* **Data excerpts**:
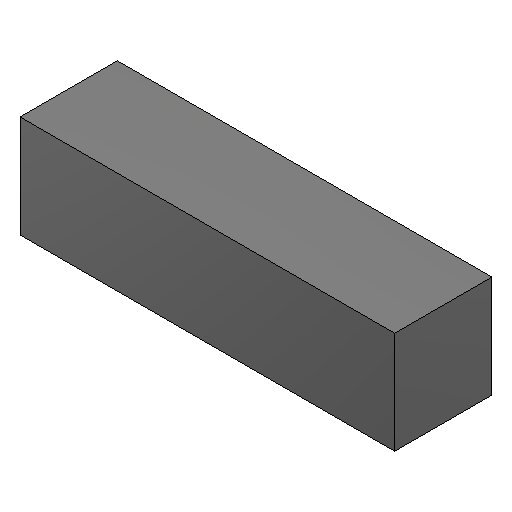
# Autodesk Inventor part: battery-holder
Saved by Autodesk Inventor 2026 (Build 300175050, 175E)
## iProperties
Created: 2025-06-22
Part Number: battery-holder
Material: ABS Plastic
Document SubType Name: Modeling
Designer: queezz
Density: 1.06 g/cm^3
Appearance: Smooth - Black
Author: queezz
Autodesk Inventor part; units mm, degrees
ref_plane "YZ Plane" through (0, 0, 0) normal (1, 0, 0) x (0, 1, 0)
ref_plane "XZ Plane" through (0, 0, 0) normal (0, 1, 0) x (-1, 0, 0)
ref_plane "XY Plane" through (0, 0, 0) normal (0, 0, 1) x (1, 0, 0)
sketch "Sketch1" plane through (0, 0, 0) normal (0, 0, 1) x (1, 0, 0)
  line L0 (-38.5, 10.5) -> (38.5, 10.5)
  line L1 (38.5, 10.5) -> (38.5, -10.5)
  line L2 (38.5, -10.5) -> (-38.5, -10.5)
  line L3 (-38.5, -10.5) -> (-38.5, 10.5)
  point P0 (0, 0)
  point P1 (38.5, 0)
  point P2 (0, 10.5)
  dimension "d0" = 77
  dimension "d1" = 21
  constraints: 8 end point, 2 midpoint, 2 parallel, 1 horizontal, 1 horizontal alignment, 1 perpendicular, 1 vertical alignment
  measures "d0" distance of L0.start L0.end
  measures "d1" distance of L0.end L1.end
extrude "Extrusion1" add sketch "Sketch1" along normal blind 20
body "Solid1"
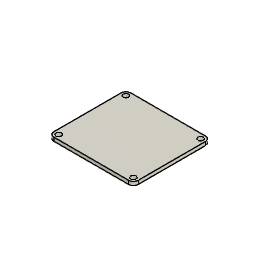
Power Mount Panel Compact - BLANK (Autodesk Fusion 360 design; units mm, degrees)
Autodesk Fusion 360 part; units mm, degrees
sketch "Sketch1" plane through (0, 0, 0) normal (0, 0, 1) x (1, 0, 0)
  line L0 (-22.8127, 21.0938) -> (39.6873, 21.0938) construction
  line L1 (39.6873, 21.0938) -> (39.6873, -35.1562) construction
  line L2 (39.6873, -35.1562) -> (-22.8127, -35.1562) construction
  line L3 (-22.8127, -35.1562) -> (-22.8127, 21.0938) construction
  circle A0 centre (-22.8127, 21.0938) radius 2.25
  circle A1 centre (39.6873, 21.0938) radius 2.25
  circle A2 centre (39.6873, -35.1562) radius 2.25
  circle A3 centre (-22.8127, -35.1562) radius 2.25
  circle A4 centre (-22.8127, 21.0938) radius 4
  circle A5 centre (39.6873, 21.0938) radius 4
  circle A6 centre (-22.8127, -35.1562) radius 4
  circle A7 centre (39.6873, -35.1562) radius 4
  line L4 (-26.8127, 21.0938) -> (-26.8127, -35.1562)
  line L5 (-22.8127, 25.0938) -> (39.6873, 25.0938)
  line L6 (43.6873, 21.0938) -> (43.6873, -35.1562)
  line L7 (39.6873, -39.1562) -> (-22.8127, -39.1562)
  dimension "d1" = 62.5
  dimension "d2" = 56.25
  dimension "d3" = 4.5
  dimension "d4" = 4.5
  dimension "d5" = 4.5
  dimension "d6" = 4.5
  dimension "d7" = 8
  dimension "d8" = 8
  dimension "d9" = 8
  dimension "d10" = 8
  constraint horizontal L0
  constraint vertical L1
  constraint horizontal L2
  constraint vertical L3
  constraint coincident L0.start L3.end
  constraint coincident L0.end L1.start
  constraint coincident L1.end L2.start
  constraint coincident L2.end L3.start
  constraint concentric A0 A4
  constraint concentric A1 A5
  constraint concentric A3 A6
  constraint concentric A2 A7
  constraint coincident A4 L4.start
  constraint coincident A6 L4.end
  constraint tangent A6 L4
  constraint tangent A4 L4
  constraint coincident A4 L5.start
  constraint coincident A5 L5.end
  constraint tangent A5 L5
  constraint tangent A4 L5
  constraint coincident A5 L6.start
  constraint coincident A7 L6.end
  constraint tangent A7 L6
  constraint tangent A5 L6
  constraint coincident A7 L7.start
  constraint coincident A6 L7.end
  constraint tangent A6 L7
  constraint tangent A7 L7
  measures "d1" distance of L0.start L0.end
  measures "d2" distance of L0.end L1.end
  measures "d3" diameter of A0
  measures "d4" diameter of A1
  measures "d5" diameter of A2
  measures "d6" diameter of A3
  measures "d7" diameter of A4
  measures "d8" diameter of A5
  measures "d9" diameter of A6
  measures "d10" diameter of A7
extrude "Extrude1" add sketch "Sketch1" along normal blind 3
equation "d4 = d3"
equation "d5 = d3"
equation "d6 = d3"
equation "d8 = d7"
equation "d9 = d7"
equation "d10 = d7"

* **Work request**: Pictures are to be excluded; everything else in the records must be reproduced exactly.

* **Response to the exercise**:
# Autodesk Inventor part: battery-holder
Saved by Autodesk Inventor 2026 (Build 300175050, 175E)
## iProperties
Created: 2025-06-22
Part Number: battery-holder
Material: ABS Plastic
Document SubType Name: Modeling
Designer: queezz
Density: 1.06 g/cm^3
Appearance: Smooth - Black
Author: queezz
Autodesk Inventor part; units mm, degrees
ref_plane "YZ Plane" through (0, 0, 0) normal (1, 0, 0) x (0, 1, 0)
ref_plane "XZ Plane" through (0, 0, 0) normal (0, 1, 0) x (-1, 0, 0)
ref_plane "XY Plane" through (0, 0, 0) normal (0, 0, 1) x (1, 0, 0)
sketch "Sketch1" plane through (0, 0, 0) normal (0, 0, 1) x (1, 0, 0)
  line L0 (-38.5, 10.5) -> (38.5, 10.5)
  line L1 (38.5, 10.5) -> (38.5, -10.5)
  line L2 (38.5, -10.5) -> (-38.5, -10.5)
  line L3 (-38.5, -10.5) -> (-38.5, 10.5)
  point P0 (0, 0)
  point P1 (38.5, 0)
  point P2 (0, 10.5)
  dimension "d0" = 77
  dimension "d1" = 21
  constraints: 8 end point, 2 midpoint, 2 parallel, 1 horizontal, 1 horizontal alignment, 1 perpendicular, 1 vertical alignment
  measures "d0" distance of L0.start L0.end
  measures "d1" distance of L0.end L1.end
extrude "Extrusion1" add sketch "Sketch1" along normal blind 20
body "Solid1"
Power Mount Panel Compact - BLANK (Autodesk Fusion 360 design; units mm, degrees)
Autodesk Fusion 360 part; units mm, degrees
sketch "Sketch1" plane through (0, 0, 0) normal (0, 0, 1) x (1, 0, 0)
  line L0 (-22.8127, 21.0938) -> (39.6873, 21.0938) construction
  line L1 (39.6873, 21.0938) -> (39.6873, -35.1562) construction
  line L2 (39.6873, -35.1562) -> (-22.8127, -35.1562) construction
  line L3 (-22.8127, -35.1562) -> (-22.8127, 21.0938) construction
  circle A0 centre (-22.8127, 21.0938) radius 2.25
  circle A1 centre (39.6873, 21.0938) radius 2.25
  circle A2 centre (39.6873, -35.1562) radius 2.25
  circle A3 centre (-22.8127, -35.1562) radius 2.25
  circle A4 centre (-22.8127, 21.0938) radius 4
  circle A5 centre (39.6873, 21.0938) radius 4
  circle A6 centre (-22.8127, -35.1562) radius 4
  circle A7 centre (39.6873, -35.1562) radius 4
  line L4 (-26.8127, 21.0938) -> (-26.8127, -35.1562)
  line L5 (-22.8127, 25.0938) -> (39.6873, 25.0938)
  line L6 (43.6873, 21.0938) -> (43.6873, -35.1562)
  line L7 (39.6873, -39.1562) -> (-22.8127, -39.1562)
  dimension "d1" = 62.5
  dimension "d2" = 56.25
  dimension "d3" = 4.5
  dimension "d4" = 4.5
  dimension "d5" = 4.5
  dimension "d6" = 4.5
  dimension "d7" = 8
  dimension "d8" = 8
  dimension "d9" = 8
  dimension "d10" = 8
  constraint horizontal L0
  constraint vertical L1
  constraint horizontal L2
  constraint vertical L3
  constraint coincident L0.start L3.end
  constraint coincident L0.end L1.start
  constraint coincident L1.end L2.start
  constraint coincident L2.end L3.start
  constraint concentric A0 A4
  constraint concentric A1 A5
  constraint concentric A3 A6
  constraint concentric A2 A7
  constraint coincident A4 L4.start
  constraint coincident A6 L4.end
  constraint tangent A6 L4
  constraint tangent A4 L4
  constraint coincident A4 L5.start
  constraint coincident A5 L5.end
  constraint tangent A5 L5
  constraint tangent A4 L5
  constraint coincident A5 L6.start
  constraint coincident A7 L6.end
  constraint tangent A7 L6
  constraint tangent A5 L6
  constraint coincident A7 L7.start
  constraint coincident A6 L7.end
  constraint tangent A6 L7
  constraint tangent A7 L7
  measures "d1" distance of L0.start L0.end
  measures "d2" distance of L0.end L1.end
  measures "d3" diameter of A0
  measures "d4" diameter of A1
  measures "d5" diameter of A2
  measures "d6" diameter of A3
  measures "d7" diameter of A4
  measures "d8" diameter of A5
  measures "d9" diameter of A6
  measures "d10" diameter of A7
extrude "Extrude1" add sketch "Sketch1" along normal blind 3
equation "d4 = d3"
equation "d5 = d3"
equation "d6 = d3"
equation "d8 = d7"
equation "d9 = d7"
equation "d10 = d7"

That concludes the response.